MY heart is chilled and my pulse is slow, But often and often will memory go,   Like a blind child lost in a waste of snow,   Back to the days when I loved you so,—      The beautiful long ago.
I sit here, dreaming them through and through, The blissful moments I shared with you,—  The sweet, sweet days when our love was new,   When I was trustful and you were true,—      Beautiful days, but few.
Blest or wretched, fettered or free, Why should I care how your life may be,   Or whether you wander by land or sea?   I only know you are dead to me,       Ever and hopelessly.
O, how often at day's decline, I pushed from my window the curtaining vine,   To see from your lattice the lamplight shine,—  Type of a message that, half divine,       Flashed from your heart to mine.
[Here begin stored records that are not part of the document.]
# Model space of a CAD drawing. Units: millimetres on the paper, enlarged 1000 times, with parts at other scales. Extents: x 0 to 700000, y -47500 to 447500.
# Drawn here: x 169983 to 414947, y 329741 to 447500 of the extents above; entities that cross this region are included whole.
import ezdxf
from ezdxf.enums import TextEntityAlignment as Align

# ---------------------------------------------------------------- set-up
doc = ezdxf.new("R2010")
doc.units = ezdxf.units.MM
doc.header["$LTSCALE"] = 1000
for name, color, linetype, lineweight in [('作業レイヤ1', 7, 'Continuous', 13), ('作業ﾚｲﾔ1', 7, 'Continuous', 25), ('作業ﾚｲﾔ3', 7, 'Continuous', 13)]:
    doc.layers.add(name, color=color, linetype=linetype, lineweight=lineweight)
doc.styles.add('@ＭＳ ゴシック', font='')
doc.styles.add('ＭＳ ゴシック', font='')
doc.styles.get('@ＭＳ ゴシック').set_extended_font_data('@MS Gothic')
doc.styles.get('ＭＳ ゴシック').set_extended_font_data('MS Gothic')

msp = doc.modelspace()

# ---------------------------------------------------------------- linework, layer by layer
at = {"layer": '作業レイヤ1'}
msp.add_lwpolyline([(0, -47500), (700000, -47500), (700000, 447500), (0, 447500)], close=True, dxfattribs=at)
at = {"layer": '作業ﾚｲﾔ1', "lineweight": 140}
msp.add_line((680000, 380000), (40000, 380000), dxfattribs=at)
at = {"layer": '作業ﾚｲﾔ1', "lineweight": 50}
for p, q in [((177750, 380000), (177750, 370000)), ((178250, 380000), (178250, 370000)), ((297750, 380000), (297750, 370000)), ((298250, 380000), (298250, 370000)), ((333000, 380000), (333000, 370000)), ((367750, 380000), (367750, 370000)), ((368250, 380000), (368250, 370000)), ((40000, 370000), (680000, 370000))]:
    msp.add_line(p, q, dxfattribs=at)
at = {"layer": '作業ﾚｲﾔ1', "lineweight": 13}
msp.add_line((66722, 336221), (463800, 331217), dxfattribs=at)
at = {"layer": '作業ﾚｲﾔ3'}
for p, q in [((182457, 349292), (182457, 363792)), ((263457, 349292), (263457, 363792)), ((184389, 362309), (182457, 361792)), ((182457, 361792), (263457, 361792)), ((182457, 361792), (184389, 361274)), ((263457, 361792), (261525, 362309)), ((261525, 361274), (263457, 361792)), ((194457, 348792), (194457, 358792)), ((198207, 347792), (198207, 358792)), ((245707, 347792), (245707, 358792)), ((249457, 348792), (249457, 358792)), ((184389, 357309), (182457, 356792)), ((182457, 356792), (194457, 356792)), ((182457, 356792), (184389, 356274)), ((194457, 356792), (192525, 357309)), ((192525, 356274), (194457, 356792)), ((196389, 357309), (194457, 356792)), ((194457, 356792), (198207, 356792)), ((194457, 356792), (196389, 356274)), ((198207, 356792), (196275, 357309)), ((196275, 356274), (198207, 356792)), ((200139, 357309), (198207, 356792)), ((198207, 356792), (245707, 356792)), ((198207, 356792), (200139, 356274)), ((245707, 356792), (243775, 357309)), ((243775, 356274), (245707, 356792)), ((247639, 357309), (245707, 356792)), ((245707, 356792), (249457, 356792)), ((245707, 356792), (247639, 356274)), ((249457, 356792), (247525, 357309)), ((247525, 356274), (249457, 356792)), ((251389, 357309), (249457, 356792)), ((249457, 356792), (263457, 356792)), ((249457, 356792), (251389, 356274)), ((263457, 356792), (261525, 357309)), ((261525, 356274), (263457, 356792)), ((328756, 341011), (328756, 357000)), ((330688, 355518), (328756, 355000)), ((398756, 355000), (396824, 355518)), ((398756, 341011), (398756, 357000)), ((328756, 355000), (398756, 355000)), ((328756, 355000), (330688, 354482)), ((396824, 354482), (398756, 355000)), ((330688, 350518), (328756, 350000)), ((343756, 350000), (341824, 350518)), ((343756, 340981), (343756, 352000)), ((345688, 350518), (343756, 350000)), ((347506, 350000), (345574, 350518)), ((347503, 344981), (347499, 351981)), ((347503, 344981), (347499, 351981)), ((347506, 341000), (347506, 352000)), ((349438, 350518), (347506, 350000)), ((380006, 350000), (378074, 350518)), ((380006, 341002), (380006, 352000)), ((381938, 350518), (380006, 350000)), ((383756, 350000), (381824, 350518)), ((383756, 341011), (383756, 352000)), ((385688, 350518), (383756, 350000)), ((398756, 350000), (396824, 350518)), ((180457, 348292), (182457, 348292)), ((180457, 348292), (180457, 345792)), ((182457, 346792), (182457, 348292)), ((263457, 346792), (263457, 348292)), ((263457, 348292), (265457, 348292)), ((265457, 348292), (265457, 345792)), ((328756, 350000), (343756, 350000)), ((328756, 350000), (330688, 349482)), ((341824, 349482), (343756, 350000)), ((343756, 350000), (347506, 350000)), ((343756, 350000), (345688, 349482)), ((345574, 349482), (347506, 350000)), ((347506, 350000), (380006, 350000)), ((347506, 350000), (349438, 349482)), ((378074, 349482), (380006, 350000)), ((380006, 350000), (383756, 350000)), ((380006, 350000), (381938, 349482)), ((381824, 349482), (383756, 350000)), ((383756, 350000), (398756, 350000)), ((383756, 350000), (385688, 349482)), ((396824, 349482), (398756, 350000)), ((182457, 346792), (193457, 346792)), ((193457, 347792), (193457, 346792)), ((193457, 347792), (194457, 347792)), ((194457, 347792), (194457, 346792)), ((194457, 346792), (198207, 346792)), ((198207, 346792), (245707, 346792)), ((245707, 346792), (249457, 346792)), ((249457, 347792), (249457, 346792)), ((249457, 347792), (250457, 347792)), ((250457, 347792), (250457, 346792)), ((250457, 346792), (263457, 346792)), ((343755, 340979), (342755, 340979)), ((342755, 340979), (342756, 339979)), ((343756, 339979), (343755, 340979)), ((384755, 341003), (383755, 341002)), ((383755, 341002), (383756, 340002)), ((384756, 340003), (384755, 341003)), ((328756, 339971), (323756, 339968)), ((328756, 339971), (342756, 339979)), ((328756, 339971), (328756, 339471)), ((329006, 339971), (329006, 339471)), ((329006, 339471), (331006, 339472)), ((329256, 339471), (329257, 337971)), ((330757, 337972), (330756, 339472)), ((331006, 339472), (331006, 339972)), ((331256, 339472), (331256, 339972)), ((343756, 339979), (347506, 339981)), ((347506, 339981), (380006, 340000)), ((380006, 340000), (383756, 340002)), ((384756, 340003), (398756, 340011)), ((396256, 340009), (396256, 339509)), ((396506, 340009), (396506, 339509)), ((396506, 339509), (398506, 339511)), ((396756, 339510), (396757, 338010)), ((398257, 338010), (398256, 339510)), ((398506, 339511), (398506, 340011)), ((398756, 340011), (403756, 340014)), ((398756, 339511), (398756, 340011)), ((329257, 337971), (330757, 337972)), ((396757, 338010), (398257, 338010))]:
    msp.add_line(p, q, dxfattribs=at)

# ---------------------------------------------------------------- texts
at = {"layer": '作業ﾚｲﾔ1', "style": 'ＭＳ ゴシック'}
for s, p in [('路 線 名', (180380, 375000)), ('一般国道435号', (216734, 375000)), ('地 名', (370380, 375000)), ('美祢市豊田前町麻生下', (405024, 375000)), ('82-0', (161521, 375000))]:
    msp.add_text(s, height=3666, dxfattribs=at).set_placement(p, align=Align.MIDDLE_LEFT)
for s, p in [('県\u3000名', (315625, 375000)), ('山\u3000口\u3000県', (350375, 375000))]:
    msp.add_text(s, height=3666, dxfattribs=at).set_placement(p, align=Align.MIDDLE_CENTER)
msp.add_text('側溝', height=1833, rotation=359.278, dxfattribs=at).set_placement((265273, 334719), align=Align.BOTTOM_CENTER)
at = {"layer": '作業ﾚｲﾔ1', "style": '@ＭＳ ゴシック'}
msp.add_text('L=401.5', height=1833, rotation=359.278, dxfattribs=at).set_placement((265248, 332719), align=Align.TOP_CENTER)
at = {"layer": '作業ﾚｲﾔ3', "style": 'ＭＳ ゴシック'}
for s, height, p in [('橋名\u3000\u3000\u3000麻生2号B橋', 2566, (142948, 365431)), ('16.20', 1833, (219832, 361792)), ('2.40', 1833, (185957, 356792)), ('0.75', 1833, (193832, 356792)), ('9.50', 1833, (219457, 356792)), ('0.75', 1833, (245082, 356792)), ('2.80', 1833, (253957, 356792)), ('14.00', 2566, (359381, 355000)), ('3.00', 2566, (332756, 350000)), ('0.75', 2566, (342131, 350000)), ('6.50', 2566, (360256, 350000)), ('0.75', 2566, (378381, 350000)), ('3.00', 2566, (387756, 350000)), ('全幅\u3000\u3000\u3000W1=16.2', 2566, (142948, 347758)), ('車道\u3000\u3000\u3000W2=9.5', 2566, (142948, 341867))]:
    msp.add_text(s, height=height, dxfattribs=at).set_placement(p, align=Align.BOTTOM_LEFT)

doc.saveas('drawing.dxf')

Once more the starlight is silvering all; The roses sleep by the garden wall,   The night-bird warbles his madrigal,   And I hear again through the sweet air fall       The evening bugle-call.
But summers will vanish and years will wane, And bring no light to your window-pane;   Nor gracious sunshine nor patient rain,   Can bring dead love back to life again:       I call up the past in vain.
My heart is heavy, my heart is old, And that proves dross which I counted gold;   I watch no longer your curtain's fold,   The window is dark and the night is cold,       And the story forever told.